Conservation of Energy. Fountain Question

[mfianist]

Water shoots up from a fountainat a speed of v0 at a rate of dm/dt, and hits a garbage can of mass M suspended in the air. What is the maximum height the fountain can lift the garbage can?

First i approached this problem with K.E = P.E

i assumed that m at time t = (dm/dt)t

so i put {M+(dm/dt)t}gh = 1/2 {(dm/dt)tv^2}

then i solved the equation for h.

i am not so sure if my approach is right...


Is there a better of solving this problem?

 

[Soveraign]

Interesting problem. I was looking at this as an impulse problem. Recall the formula impulse P = Ft? So, assuming constant F, this gives us dP = Fdt for very small impulse bits. Rearrange and you have F = dP/dt, or, force equals the time derivative of momentum. Ah, momentum. So, what is the momentum of an object thrown upward as a function of its height? P=mv, so what is v as a function of h and some initial velocity v0? Find this P as a function of h, then find dP/dt keeping in mind dP = mdv + dmv and v is constant for a particular h. So, the garbage can has mass M, weighs Mg, it's force downward is its weight, where does the equivalent force upward come from?

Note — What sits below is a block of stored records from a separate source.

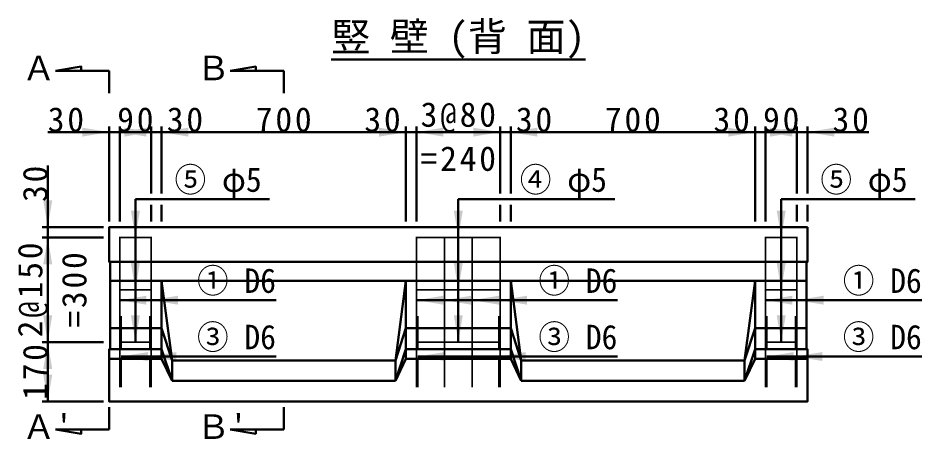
# Model space of a CAD drawing. Units: millimetres, scale not verified. Extents: x -2102 to 2102, y -1485 to 1485.
# Drawn here: x 5 to 814, y -553 to -176 of the extents above; entities that cross this region are included whole.
import ezdxf
from ezdxf.enums import TextEntityAlignment as Align

# ---------------------------------------------------------------- set-up
doc = ezdxf.new("R2010")
doc.units = ezdxf.units.MM
doc.header["$LTSCALE"] = 5
doc.linetypes.add('DASHED', pattern=[7.5, 6, -1.5])
doc.layers.add('0-0_V-nasSTD', color=7, linetype='Continuous', lineweight=50)
doc.styles.add('ＭＳ ゴシック', font='')
doc.styles.get('ＭＳ ゴシック').set_extended_font_data('MS Gothic')

msp = doc.modelspace()

# ---------------------------------------------------------------- linework, layer by layer
at = {"layer": '0-0_V-nasSTD'}
for p, q in [((285.359, -213.476), (512.859, -213.476)), ((61.609, -223.634), (38.569, -223.634)), ((61.609, -223.634), (86.609, -223.634)), ((86.609, -223.634), (86.609, -243.634)), ((217.859, -223.634), (194.819, -223.634)), ((217.859, -223.634), (242.859, -223.634)), ((242.859, -223.634), (242.859, -243.634)), ((86.609, -273.476), (86.609, -358.476)), ((95.984, -273.476), (95.984, -358.476)), ((124.109, -273.476), (124.109, -333.476)), ((133.484, -273.476), (133.484, -333.476)), ((352.234, -273.476), (352.234, -358.476)), ((361.609, -273.476), (361.609, -358.476)), ((436.609, -273.476), (436.609, -333.476)), ((445.984, -273.476), (445.984, -333.476)), ((664.734, -273.476), (664.734, -358.476)), ((674.109, -273.476), (674.109, -358.476)), ((702.234, -273.476), (702.234, -333.476)), ((711.609, -273.476), (711.609, -333.476)), ((86.609, -278.476), (31.609, -278.476)), ((95.984, -278.476), (86.609, -278.476)), ((124.109, -278.476), (95.984, -278.476)), ((133.484, -278.476), (124.109, -278.476)), ((352.234, -278.476), (133.484, -278.476)), ((361.609, -278.476), (352.234, -278.476)), ((436.609, -278.476), (361.609, -278.476)), ((445.984, -278.476), (436.609, -278.476)), ((445.984, -278.476), (664.734, -278.476)), ((664.734, -278.476), (674.109, -278.476)), ((674.109, -278.476), (702.234, -278.476)), ((702.234, -278.476), (711.609, -278.476)), ((711.609, -278.476), (766.609, -278.476)), ((110.047, -338.476), (110.047, -466.601)), ((110.047, -338.476), (230.047, -338.476)), ((399.109, -338.476), (399.109, -466.601)), ((399.109, -338.476), (539.109, -338.476)), ((688.172, -338.476), (688.172, -466.601)), ((688.172, -338.476), (808.172, -338.476)), ((124.109, -343.476), (124.109, -358.476)), ((133.484, -343.476), (133.484, -358.476)), ((436.609, -343.476), (436.609, -358.476)), ((445.984, -343.476), (445.984, -358.476)), ((702.234, -343.476), (702.234, -358.476)), ((711.609, -343.476), (711.609, -358.476)), ((26.609, -363.476), (81.609, -363.476)), ((81.609, -372.851), (26.609, -372.851)), ((31.609, -372.851), (31.609, -466.601)), ((86.609, -394.726), (87.391, -395.508)), ((711.609, -394.726), (86.609, -394.726)), ((710.828, -411.601), (87.391, -411.601)), ((133.484, -411.601), (142.859, -482.851)), ((133.484, -411.601), (133.484, -481.289)), ((342.859, -482.851), (352.234, -411.601)), ((352.234, -411.601), (352.234, -481.289)), ((445.984, -411.601), (455.359, -482.851)), ((445.984, -411.601), (445.984, -481.289)), ((655.359, -482.851), (664.734, -411.601)), ((664.734, -411.601), (664.734, -481.289)), ((235.984, -428.927), (95.984, -428.927)), ((541.609, -428.927), (361.609, -428.927)), ((814.109, -428.927), (674.109, -428.927)), ((87.391, -454.101), (133.484, -454.101)), ((133.484, -454.101), (142.859, -482.851)), ((352.234, -454.101), (342.859, -482.851)), ((352.234, -454.101), (445.984, -454.101)), ((445.984, -454.101), (455.359, -482.851)), ((664.734, -454.101), (710.828, -454.101)), ((81.609, -466.601), (26.609, -466.601)), ((31.609, -519.726), (31.609, -466.601)), ((86.609, -472.851), (133.484, -472.851)), ((133.484, -472.851), (142.859, -500.976)), ((342.859, -500.976), (352.234, -472.851)), ((352.234, -472.851), (445.984, -472.851)), ((445.984, -472.851), (455.359, -500.976)), ((664.734, -472.851), (655.359, -500.976)), ((664.734, -472.851), (711.609, -472.851)), ((86.609, -481.289), (133.484, -481.289)), ((235.984, -479.376), (97.234, -479.376)), ((133.484, -481.289), (142.859, -500.976)), ((142.859, -482.851), (342.859, -482.851)), ((142.859, -482.851), (142.859, -500.976)), ((342.859, -500.976), (352.234, -481.289)), ((342.859, -482.851), (342.859, -500.976)), ((352.234, -481.289), (445.984, -481.289)), ((541.609, -479.376), (362.859, -479.376)), ((445.984, -481.289), (455.359, -500.976)), ((455.359, -482.851), (655.359, -482.851)), ((455.359, -482.851), (455.359, -500.976)), ((664.734, -481.289), (655.359, -500.976)), ((664.734, -481.289), (711.609, -481.289)), ((814.109, -479.376), (675.359, -479.376)), ((142.859, -500.976), (342.859, -500.976)), ((455.359, -500.976), (655.359, -500.976)), ((81.609, -519.726), (26.609, -519.726)), ((86.609, -544.726), (86.609, -524.726)), ((242.859, -544.726), (242.859, -524.726)), ((61.609, -544.726), (38.569, -544.726)), ((61.609, -544.726), (86.609, -544.726)), ((217.859, -544.726), (194.819, -544.726)), ((217.859, -544.726), (242.859, -544.726))]:
    msp.add_line(p, q, dxfattribs=at)
at = {"layer": '0-0_V-nasSTD', "lineweight": 35}
for p, q in [((95.984, -372.193), (95.984, -506.914)), ((95.984, -372.851), (124.109, -372.851)), ((124.109, -372.193), (124.109, -506.914)), ((361.609, -372.193), (361.609, -506.914)), ((361.609, -372.851), (436.609, -372.851)), ((386.609, -372.193), (386.609, -506.914)), ((411.609, -372.193), (411.609, -506.914)), ((436.609, -372.193), (436.609, -506.914)), ((674.109, -372.193), (674.109, -506.914)), ((674.109, -372.851), (702.234, -372.851)), ((702.234, -372.193), (702.234, -506.914)), ((95.984, -419.726), (124.109, -419.726)), ((361.609, -419.726), (436.609, -419.726)), ((674.109, -419.726), (702.234, -419.726)), ((95.984, -466.601), (124.109, -466.601)), ((361.609, -466.601), (436.609, -466.601)), ((674.109, -466.601), (702.234, -466.601))]:
    msp.add_line(p, q, dxfattribs=at)
at = {"layer": '0-0_V-nasSTD', "linetype": 'DASHED', "lineweight": 35}
for p, q in [((97.234, -443.322), (97.234, -506.914)), ((122.859, -443.322), (122.859, -506.914)), ((362.859, -443.322), (362.859, -506.914)), ((435.359, -443.322), (435.359, -506.914)), ((675.359, -443.322), (675.359, -506.914)), ((700.984, -443.322), (700.984, -506.914))]:
    msp.add_line(p, q, dxfattribs=at)
at = {"layer": '0-0_V-nasSTD'}
for points in [[(61.609, -223.634), (61.609, -219.794), (38.569, -223.634)], [(217.859, -223.634), (217.859, -219.794), (194.819, -223.634)], [(31.609, -372.851), (31.609, -363.476), (31.609, -308.476)], [(711.609, -363.476), (86.609, -363.476), (86.609, -394.726)], [(711.609, -363.476), (711.609, -394.726), (710.828, -395.508)], [(86.609, -472.851), (87.391, -472.07), (87.391, -395.508)], [(711.609, -472.851), (710.828, -472.07), (710.828, -395.508)], [(664.734, -454.101), (655.359, -482.851), (655.359, -500.976)], [(86.609, -472.851), (86.609, -519.726), (711.609, -519.726), (711.609, -472.851)], [(61.609, -544.726), (61.609, -548.566), (38.569, -544.726)], [(217.859, -544.726), (217.859, -548.566), (194.819, -544.726)]]:
    msp.add_lwpolyline(points, dxfattribs=at)
for points in [[(62.609, -278.476), (62.609, -274.476), (86.609, -278.476)], [(95.984, -278.476), (119.984, -278.476), (119.984, -274.476)], [(100.109, -278.476), (100.109, -274.476), (124.109, -278.476)], [(133.484, -278.476), (157.484, -278.476), (157.484, -274.476)], [(328.234, -278.476), (328.234, -274.476), (352.234, -278.476)], [(361.609, -278.476), (385.609, -278.476), (385.609, -274.476)], [(412.609, -278.476), (412.609, -274.476), (436.609, -278.476)], [(445.984, -278.476), (469.984, -278.476), (469.984, -274.476)], [(640.734, -278.476), (640.734, -274.476), (664.734, -278.476)], [(674.109, -278.476), (698.109, -278.476), (698.109, -274.476)], [(678.234, -278.476), (678.234, -274.476), (702.234, -278.476)], [(711.609, -278.476), (735.609, -278.476), (735.609, -274.476)], [(62.609, -282.476), (62.609, -278.476), (86.609, -278.476)], [(95.984, -278.476), (119.984, -282.476), (119.984, -278.476)], [(100.109, -282.476), (100.109, -278.476), (124.109, -278.476)], [(133.484, -278.476), (157.484, -282.476), (157.484, -278.476)], [(328.234, -282.476), (328.234, -278.476), (352.234, -278.476)], [(361.609, -278.476), (385.609, -282.476), (385.609, -278.476)], [(412.609, -282.476), (412.609, -278.476), (436.609, -278.476)], [(445.984, -278.476), (469.984, -282.476), (469.984, -278.476)], [(640.734, -282.476), (640.734, -278.476), (664.734, -278.476)], [(674.109, -278.476), (698.109, -282.476), (698.109, -278.476)], [(678.234, -282.476), (678.234, -278.476), (702.234, -278.476)], [(711.609, -278.476), (735.609, -282.476), (735.609, -278.476)], [(27.609, -339.476), (31.609, -363.476), (31.609, -339.476)], [(31.609, -363.476), (31.609, -339.476), (35.609, -339.476)], [(106.047, -348.851), (110.047, -372.851), (110.047, -348.851)], [(110.047, -372.851), (110.047, -348.851), (114.047, -348.851)], [(395.109, -348.851), (399.109, -372.851), (399.109, -348.851)], [(399.109, -372.851), (399.109, -348.851), (403.109, -348.851)], [(684.172, -348.851), (688.172, -372.851), (688.172, -348.851)], [(688.172, -372.851), (688.172, -348.851), (692.172, -348.851)], [(27.609, -396.851), (31.609, -396.851), (31.609, -372.851)], [(31.609, -396.851), (31.609, -372.851), (35.609, -396.851)], [(106.047, -395.726), (110.047, -419.726), (110.047, -395.726)], [(110.047, -419.726), (110.047, -395.726), (114.047, -395.726)], [(395.109, -395.726), (399.109, -419.726), (399.109, -395.726)], [(399.109, -419.726), (399.109, -395.726), (403.109, -395.726)], [(684.172, -395.726), (688.172, -419.726), (688.172, -395.726)], [(688.172, -419.726), (688.172, -395.726), (692.172, -395.726)], [(95.984, -428.927), (119.984, -428.927), (119.984, -424.927)], [(124.109, -428.927), (148.109, -428.927), (148.109, -424.927)], [(361.609, -428.927), (385.609, -428.927), (385.609, -424.927)], [(386.609, -428.927), (410.609, -428.927), (410.609, -424.927)], [(411.609, -428.927), (435.609, -428.927), (435.609, -424.927)], [(436.609, -428.927), (460.609, -428.927), (460.609, -424.927)], [(674.109, -428.927), (698.109, -428.927), (698.109, -424.927)], [(702.234, -428.927), (726.234, -428.927), (726.234, -424.927)], [(95.984, -428.927), (119.984, -432.927), (119.984, -428.927)], [(124.109, -428.927), (148.109, -432.927), (148.109, -428.927)], [(361.609, -428.927), (385.609, -432.927), (385.609, -428.927)], [(386.609, -428.927), (410.609, -432.927), (410.609, -428.927)], [(411.609, -428.927), (435.609, -432.927), (435.609, -428.927)], [(436.609, -428.927), (460.609, -432.927), (460.609, -428.927)], [(674.109, -428.927), (698.109, -432.927), (698.109, -428.927)], [(702.234, -428.927), (726.234, -432.927), (726.234, -428.927)], [(27.609, -442.601), (31.609, -466.601), (31.609, -442.601)], [(31.609, -466.601), (31.609, -442.601), (35.609, -442.601)], [(106.047, -442.601), (110.047, -466.601), (110.047, -442.601)], [(110.047, -466.601), (110.047, -442.601), (114.047, -442.601)], [(395.109, -442.601), (399.109, -466.601), (399.109, -442.601)], [(399.109, -466.601), (399.109, -442.601), (403.109, -442.601)], [(684.172, -442.601), (688.172, -466.601), (688.172, -442.601)], [(688.172, -466.601), (688.172, -442.601), (692.172, -442.601)], [(27.609, -490.601), (31.609, -490.601), (31.609, -466.601)], [(31.609, -490.601), (31.609, -466.601), (35.609, -490.601)], [(97.234, -479.376), (121.234, -479.376), (121.234, -475.376)], [(122.831, -479.376), (146.831, -479.376), (146.831, -475.376)], [(362.859, -479.376), (386.859, -479.376), (386.859, -475.376)], [(435.331, -479.376), (459.331, -479.376), (459.331, -475.376)], [(675.359, -479.376), (699.359, -479.376), (699.359, -475.376)], [(700.956, -479.376), (724.956, -479.376), (724.956, -475.376)], [(97.234, -479.376), (121.234, -483.376), (121.234, -479.376)], [(122.831, -479.376), (146.831, -483.376), (146.831, -479.376)], [(362.859, -479.376), (386.859, -483.376), (386.859, -479.376)], [(435.331, -479.376), (459.331, -483.376), (459.331, -479.376)], [(675.359, -479.376), (699.359, -483.376), (699.359, -479.376)], [(700.956, -479.376), (724.956, -483.376), (724.956, -479.376)], [(27.609, -495.726), (31.609, -519.726), (31.609, -495.726)], [(31.609, -519.726), (31.609, -495.726), (35.609, -495.726)]]:
    msp.add_solid(points, dxfattribs=at)

# ---------------------------------------------------------------- texts
at = {"layer": '0-0_V-nasSTD', "style": 'ＭＳ ゴシック'}
for s, height, p in [('竪 壁 (背 面)', 25.66, (285.359, -213.476)), ('Ａ', 21.99, (8.569, -238.634)), ('Ｂ', 21.99, (164.819, -238.634)), ("Ａ'", 21.99, (8.569, -559.726)), ("Ｂ'", 21.99, (164.819, -559.726))]:
    msp.add_text(s, height=height, dxfattribs=at).set_placement(p, align=Align.BOTTOM_LEFT)
at = {"layer": '0-0_V-nasSTD', "style": 'ＭＳ ゴシック', "width": 0.95}
for s, p in [('⑤ φ5', (145.094, -338.476)), ('④ φ5', (454.157, -338.476)), ('⑤ φ5', (723.219, -338.476)), ('① D6', (165.19, -428.927)), ('① D6', (470.815, -428.927)), ('① D6', (743.315, -428.927)), ('③ D6', (165.19, -479.376)), ('③ D6', (470.815, -479.376)), ('③ D6', (743.315, -479.376))]:
    msp.add_text(s, height=21.85, dxfattribs=at).set_placement(p, align=Align.BOTTOM_LEFT)
at = {"layer": '0-0_V-nasSTD', "char_height": 21.99, "attachment_point": 7, "style": 'ＭＳ ゴシック'}
for s, insert in [('\\T1.17;30', (31.609, -278.476)), ('\\T1.17;90', (93.797, -278.476)), ('\\T1.17;30', (138.172, -278.476)), ('\\T1.17;700', (217.859, -278.476)), ('\\T1.17;30', (315.047, -278.476)), ('\\T1.17;3@80', (365.359, -278.476)), ('\\T1.17;30', (450.672, -278.476)), ('\\T1.17;700', (530.359, -278.476)), ('\\T1.17;30', (627.547, -278.476)), ('\\T1.17;90', (671.922, -278.476)), ('\\T1.17;30', (734.109, -278.476)), ('\\T1.17;=240', (365.359, -313.476))]:
    msp.add_mtext(s, dxfattribs=dict(at, insert=insert))
at = {"layer": '0-0_V-nasSTD', "char_height": 21.99, "attachment_point": 7, "rotation": 90, "style": 'ＭＳ ゴシック'}
for s, insert in [('\\T1.17;30', (31.609, -340.976)), ('\\T1.17;2@150', (31.609, -462.226)), ('\\T1.17;=300', (66.609, -453.476)), ('\\T1.17;170', (31.609, -518.164))]:
    msp.add_mtext(s, dxfattribs=dict(at, insert=insert))

doc.saveas('drawing.dxf')

This would probably be my approach, anyone see if I missed something obvious? I'm assuming inelastic collisions with the water particles, which seems reasonable.

 

[wais]

Your approach is correct in using the conservation of energy principle, but there is a more efficient way to solve this problem. We can use the equation for the conservation of momentum, which states that the initial momentum of the system is equal to the final momentum of the system. In this case, the initial momentum is 0 as the garbage can is initially at rest, and the final momentum is (M + dm/dt)t * v0 as the garbage can is lifted by the water with a velocity of v0. Therefore, we can set these two equal to each other and solve for the maximum height h:

0 = (M + dm/dt)t * v0

h = (M + dm/dt)t * v0 / (M + dm/dt)g

This gives us the maximum height that the fountain can lift the garbage can, taking into account the rate of water flow. This approach is more efficient because it only involves one equation and does not require solving for multiple variables. However, your approach is also valid and will give the same result.